Sandy dune and beach deposits from Cat Island in the Bahamas show evidence of unusual polygonal cracks produced by the drying of naturally moist—but mud-free—ooid sand.
/ Published July 11, 2011
Smith College geologists, exploring an unusual type of sedimentary structure they call polygonal sandcracks, have discovered that these features can develop in a certain type of sand without the usual necessary ingredient—mud. They made their discovery in ancient (nearly 6,000 year-old) and modern calcium carbonate deposits on Alligator Point, Cat Island, Bahamas.
Until now, it was thought that these polygonal cracks form only in muddy sediment. But, in their research, a team of geosciences faculty and students found that these cracks can also form in mud-free sand composed of sphere-shaped carbonate grains called ooids.
Members of the research team include Bosiljka Glumac, associate professor of geosciences; H. Allen Curran, William R. Kenan Jr. Professor Emeritus of Geology; Sara Pruss, assistant professor of geosciences; Sarah Motti ’10 and Madeline Weigner ’09.
The presence of polygonal cracks indicates that the Bahamian sands were once moist but subsequently
exposed to the air and dried before being cemented into sandstone. The discovery of this
new sedimentary structure can help geoscientists constrain ancient environmental conditions
by differentiating ancient beach and dune sandstones from those that formed on the seafloor.

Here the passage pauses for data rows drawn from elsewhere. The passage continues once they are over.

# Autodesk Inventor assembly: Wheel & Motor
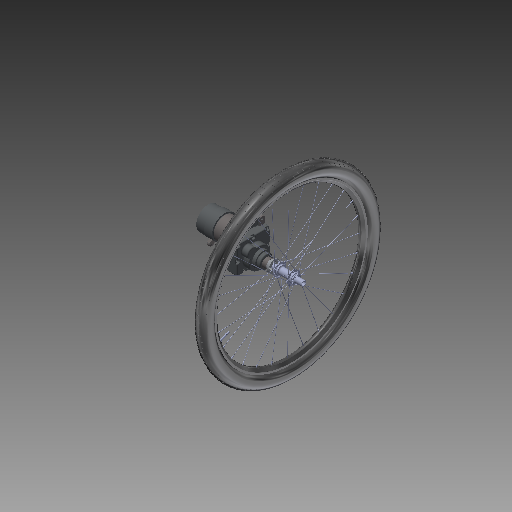
[picture p0: Inventor's stored thumbnail of the model, 512x512]
Saved by Autodesk Inventor 2017 SP1 (Build 210196100, 196)
## iProperties
Created: 2016-04-02
Part Number: Wheel & Motor
Document SubType Name: Assembly
Designer: hwasserb
Author: hwasserb
## Documents named in this file (4)
- C:\Users\Haden\Desktop\Charlie-CAD-Model\Robot Model\Motor\Motor and Tire.iam
- C:\Users\Haden\Desktop\Charlie-CAD-Model\Robot Model\Motor\NPC-T64 Motor.ipt
- C:\Users\Haden\Desktop\Charlie-CAD-Model\Robot Model\Motor\WHEEL_ADAPTER.ipt
- C:\Users\Haden\Desktop\Charlie-CAD-Model\Robot Model\Motor\Bike Wheel.ipt
## Components (3 placed, 3 different names)
1. NPC-T64 Motor:1 — Insert:1, Insert:2, Insert:3, Insert:4
2. WHEEL_ADAPTER:1 — Insert:1, Insert:2, Insert:3, Insert:4, Mate:1, Mate:2
3. Bike Wheel:1 — Mate:1, Mate:2
## Relationships (6: Insert 4, Mate 2)
- Insert:1: NPC-T64 Motor:1 ↔ WHEEL_ADAPTER:1
- Insert:2: NPC-T64 Motor:1 ↔ WHEEL_ADAPTER:1
- Insert:3: NPC-T64 Motor:1 ↔ WHEEL_ADAPTER:1
- Insert:4: NPC-T64 Motor:1 ↔ WHEEL_ADAPTER:1
- Mate:1: WHEEL_ADAPTER:1 ↔ Bike Wheel:1
- Mate:2 (-12.7 mm): WHEEL_ADAPTER:1 ↔ Bike Wheel:1

In addition, geoscientists can gain better insights into past climate and its fluctuating
moisture regimes, that is, its alternating wet and dry periods. Carbonate sandstones are
very important water and petroleum reservoirs. Discovery of polygonal cracks in carbonate
sandstones provides useful new information about generation and distribution of fractures
that can serve as storage and pathways for migration and extraction of precious liquids from
Physical properties that make moist sand sticky and allow it to crack during drying are related to those that allow the building of sandcastles in moist sand and cause their collapse as the sand dries. To better understand these processes, the authors consulted with Professor of Physics Nalini Easwar, who studies granular media, and with Joyce Palmer-Fortune, a physics lecturer and laboratory instructor whose students Ruobing Zhang ’13 and Jenn Chang ’12 used a high-speed camera to film a sand-cracking experiment in the laboratory.
Their study is published in the July issue of the journal Geology.